By  on February 22, 1994

NEW YORK -- "Sometimes fashion should be offensive," says Wolfgang Joop. "The bizarre is more fascinating to me than a woman in a well-cut pantsuit."

The German designer, who is based in Hamburg, was interviewed last week at his Manhattan penthouse -- once owned by Bill Blass. He was here to promote his women's wear collection, set for an American launch in April at the Bryant Park tent shows, and to begin sketching his men's spring line in a city where he considers himself "an accepted stranger."

"I am not a typical European or American designer," he said. "I want to be myself, carrying my own experience of life." Joop spent the early part of his career as a painter, sculptor, the fashion editor of a German pattern magazine and a fur designer for Revillon before starting his own label -- Joop -- in 1981.

He has transformed his name into a globally recognized brand and built a wholesale and retail empire including men's and women's apparel, fragrance, accessories, jeans, shoes, eyewear, leathergoods, fur and underwear. A children's wear line is set for next year.

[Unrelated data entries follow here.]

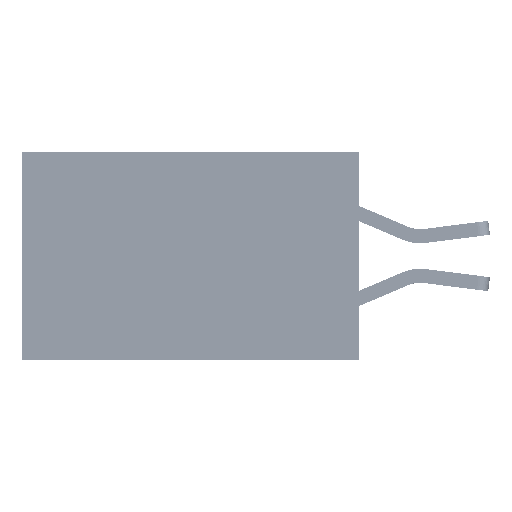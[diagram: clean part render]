
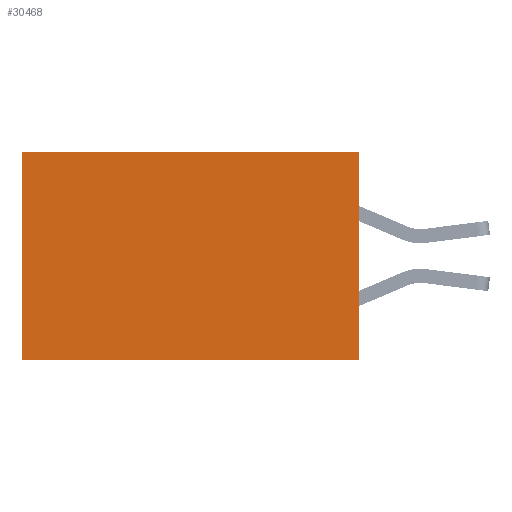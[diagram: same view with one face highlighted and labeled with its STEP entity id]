
A CAD part, left-side view. The second image highlights one B-rep face of the part: STEP entity #30468.
In plain terms, the highlighted planar face has unit normal (-1, 0, 0).
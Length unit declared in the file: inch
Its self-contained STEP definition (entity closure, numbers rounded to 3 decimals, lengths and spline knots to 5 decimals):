
#4207 = LINE ( 'NONE', #34010, #36794 ) ;
#5141 = ORIENTED_EDGE ( 'NONE', *, *, #14940, .T. ) ;
#7392 = VERTEX_POINT ( 'NONE', #22559 ) ;
#9594 = EDGE_LOOP ( 'NONE', ( #5141, #36735, #26626, #35115 ) ) ;
#10495 = PLANE ( 'NONE',  #11909 ) ;
#10801 = CARTESIAN_POINT ( 'NONE',  ( 0.2875, 0., 0. ) ) ;
#11043 = CARTESIAN_POINT ( 'NONE',  ( 0.2875, 0., -0.37 ) ) ;
#11909 = AXIS2_PLACEMENT_3D ( 'NONE', #35470, #16680, #32590 ) ;
#13815 = VERTEX_POINT ( 'NONE', #37390 ) ;
#14940 = EDGE_CURVE ( 'NONE', #33767, #13815, #4207, .T. ) ;
#15058 = DIRECTION ( 'NONE',  ( 0., 0., -1. ) ) ;
#16318 = VECTOR ( 'NONE', #20577, 39.37008 ) ;
#16680 = DIRECTION ( 'NONE',  ( 1., 0., 0. ) ) ;
#19913 = EDGE_CURVE ( 'NONE', #22338, #13815, #20311, .T. ) ;
#20311 = LINE ( 'NONE', #11043, #16318 ) ;
#20577 = DIRECTION ( 'NONE',  ( 0., 1., 0. ) ) ;
#22338 = VERTEX_POINT ( 'NONE', #29741 ) ;
#22379 = VECTOR ( 'NONE', #32746, 39.37008 ) ;
#22559 = CARTESIAN_POINT ( 'NONE',  ( 0.2875, 0., 0. ) ) ;
#22841 = LINE ( 'NONE', #35748, #22379 ) ;
#23680 = FACE_OUTER_BOUND ( 'NONE', #9594, .T. ) ;
#26626 = ORIENTED_EDGE ( 'NONE', *, *, #35046, .F. ) ;
#26760 = VECTOR ( 'NONE', #36186, 39.37008 ) ;
#29741 = CARTESIAN_POINT ( 'NONE',  ( 0.2875, 0., -0.37 ) ) ;
#30468 = ADVANCED_FACE ( 'NONE', ( #23680 ), #10495, .F. ) ;
#32566 = CARTESIAN_POINT ( 'NONE',  ( 0.2875, 0.6, 0. ) ) ;
#32590 = DIRECTION ( 'NONE',  ( 0., 0., -1. ) ) ;
#32746 = DIRECTION ( 'NONE',  ( 0., 0., -1. ) ) ;
#33767 = VERTEX_POINT ( 'NONE', #32566 ) ;
#34010 = CARTESIAN_POINT ( 'NONE',  ( 0.2875, 0.6, 0. ) ) ;
#35046 = EDGE_CURVE ( 'NONE', #7392, #22338, #22841, .T. ) ;
#35115 = ORIENTED_EDGE ( 'NONE', *, *, #40537, .T. ) ;
#35470 = CARTESIAN_POINT ( 'NONE',  ( 0.2875, 0., 0. ) ) ;
#35748 = CARTESIAN_POINT ( 'NONE',  ( 0.2875, 0., 0. ) ) ;
#36186 = DIRECTION ( 'NONE',  ( 0., 1., 0. ) ) ;
#36735 = ORIENTED_EDGE ( 'NONE', *, *, #19913, .F. ) ;
#36794 = VECTOR ( 'NONE', #15058, 39.37008 ) ;
#37390 = CARTESIAN_POINT ( 'NONE',  ( 0.2875, 0.6, -0.37 ) ) ;
#39073 = LINE ( 'NONE', #10801, #26760 ) ;
#40537 = EDGE_CURVE ( 'NONE', #7392, #33767, #39073, .T. ) ;

While Joop himself insists he stays away from the company's business, Robert Schienberg, president of Joop America, says the company's annual worldwide volume has more than doubled in the past four years. While Schienberg declined to give any figures or projections, trade estimates put Joop's total European volume for 1993 at between $250 million and $300 million.

Joop merchandise is sold in 500 doors in Europe, including six franchised boutiques across the Continent -- with nine more planned for Asia this year.

Although Joop apparel is established in Europe, the designer made his first splash in America with Joop fragrances, licensed by the Lancaster Group USA, two years ago. The scent was reported to have sold $1 million at retail during its first month and is now sold in 2,200 stores.

Joop followed the fragrance launch with a denim division, licensed by Mustang GmbH, and last month he unveiled his men's collection here.

Joop, who says he is 48, said his women's collection of 150 pieces is greatly influenced by his post-World War II childhood in Germany. "It was a time of self-made chic," he said. "Things didn't match so well -- like a flower-print dress and a man's jacket -- and the fabrics looked like they had seen better days." As an example of his touch of humor, he cited an evening dress of gray flannel studded with rhinestones included in his fall collection.As for price, Joop said: "I like to have a range from quite affordable to quite expensive." A simple dress retails for $240, while a beaded suspender dress with a transparent top is $1,100.

The collection uses such fabrics as wool and cashmere in knee-length dresses, boyish pantsuits, sweaters and coats. The collection, he said, will also feature prints and such colors as baby blue, apple green and pink.

As for other designers, Joop said he admires Yohji Yamamoto and Comme des Garcons.

However, he dismissed many of the current European designers as "frivolous" -- without mentioning names.

For Joop, who considers himself a global designer, success in America means "really being accepted by the world."